Tom Post with Douglas Waller, ‘The Dirty Little Secrets of the Atomic Age’, Newsweek, 16.12.93

It was time to “come clean,” Secretary of Energy Hazel O’Leary reckoned last week. What she revealed was a shocking, if incomplete, tale of deceit and lingering peril. Beginning in 1963, just after the two superpowers agreed not to detonate nuclear weapons in the atmosphere, until 1990, the United States conducted 204 underground tests, but never publicly acknowledged them. Beginning in the 1940s, the government subjected some 600 Americans to radiation experiments. More than a dozen received injections of plutonium, most without their consent. And the deadly legacy lives on. Nearly 34 metric tons of bomb-grade plutonium remain warehoused in six states, posing a colossal problem of disposal; almost 6 million pounds of radioactive waste are in rusted, leaky basins.

Why choose this moment to ‘fess up?
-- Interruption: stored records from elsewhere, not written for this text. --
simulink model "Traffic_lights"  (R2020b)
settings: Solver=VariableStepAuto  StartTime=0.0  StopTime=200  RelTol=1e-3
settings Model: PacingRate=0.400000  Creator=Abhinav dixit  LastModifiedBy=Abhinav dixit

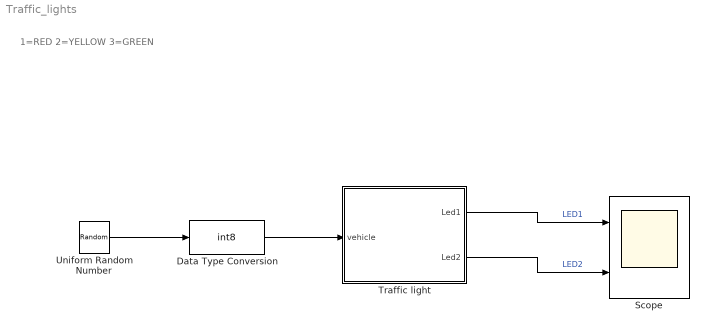
== system Traffic_lights ==
  note: 1=RED
      | 2=YELLOW
      | 3=GREEN
  Data Type Conversion : DataTypeConversion  OutDataTypeStr=int8  RndMeth=Nearest
  Scope : Scope  NumInputPorts=2
  Traffic light : Stateflow chart  TreatAsAtomicUnit=on
  Uniform Random Number : UniformRandomNumber  Minimum=0  Maximum=50  Seed=400  SampleTime=0
  wires:
  Data Type Conversion/1 -> Traffic light/1(vehicle)
  Uniform Random Number/1 -> Data Type Conversion/1
  Traffic light/1(Led1) -> Scope/1  "LED1"
  Traffic light/2(Led2) -> Scope/2  "LED2"

== stateflow chart Traffic_lights/Traffic light ==
  settings: stateMachineType=MOORE_MACHINE  initializeOutput=1
  state Stop
    Led1=RED;
    Led2=GREEN
  state StopForTraffic
    Led1=RED;
    Led2=GREEN;
  state Stoptogo
    Led1=RED;
    Led2=YELLOW;
  state GoToStop
    Led1=YELLOW;
    Led2=RED;
  state Go
    Led1=GREEN;
    Led2=RED;
  (default) -> Stop
  Stop -> StopForTraffic : after(20,tick)
  StopForTraffic -> Stoptogo : [vehicle>30]
  GoToStop -> Stop : after(3,tick)
  Stoptogo -> Go : after(3,tick)
  Go -> GoToStop : after(10,tick)
  data: Led1 output; Led2 output; RED constant double =1; GREEN constant double =3; YELLOW constant double =2; vehicle input

Loose nukes have the Clinton administration more worried than ever before. Last week Secretary of Defense Les Aspin unveiled a “counter-proliferation initiative” that directs military commanders to draw up battle plans against rogue nations with newly acquired nuclear capability, instead of former Warsaw Pact countries. This week, Newsweek has learned, President Clinton will meet with senior advisers to consider the threat of terrorism and nuclear weapons. And O’Leary, on a visit to Moscow this week, will press the Russians to come clean about their dirty nuclear history, too.

The DOE’s sins of the past continue to haunt the present - perhaps none more ominously than the experiments on human subjects. According to a six-year investigation by The Albuquerque Tribune, 18 people - including house-wives, three African-Americans, teenagers, elderly retirees, even a 4-year-old boy - were part of a nationwide study from 1945 to 1947 to determine how quickly plutonium travelled through the body. One of them was John Mousso, a 45-year-old, blue-collar worker who checked into Strong Memorial Hospital in Rochester, New York, in 1946, after a diagnosis of Addison’s disease. Doctors told him he’d receive an experimental drug, but actually injected him with plutonium 239 - 46 times the radiation a normal person receives in a lifetime, the Tribune reported. Mousso lived until 1984, plagued by skin diseases, digestive ailments and lethargy. His family went on welfare because he couldn’t work. The DOE never let on. “I equate it with some of the things the Nazis were tried and executed for in World War II,” Gerald Mousso, his nephew, told Newsweek.

With a huge and costly cleanup on its hands, the DOE must do more than atone. Its own survey of spent fuel at nuclear-weapons sites found appalling conditions at three facilities. Many storage tanks, built mostly in the 1940s, are severely corroded and leaking radioactive water. The debris from rusting parts could trigger a nuclear reaction. More horror stories will undoubtedly emerge as the DOE releases more of the 32 million pages of still-classified documents. By the time its all over, O’Leary may end up letting loose as many demons as she exorcises.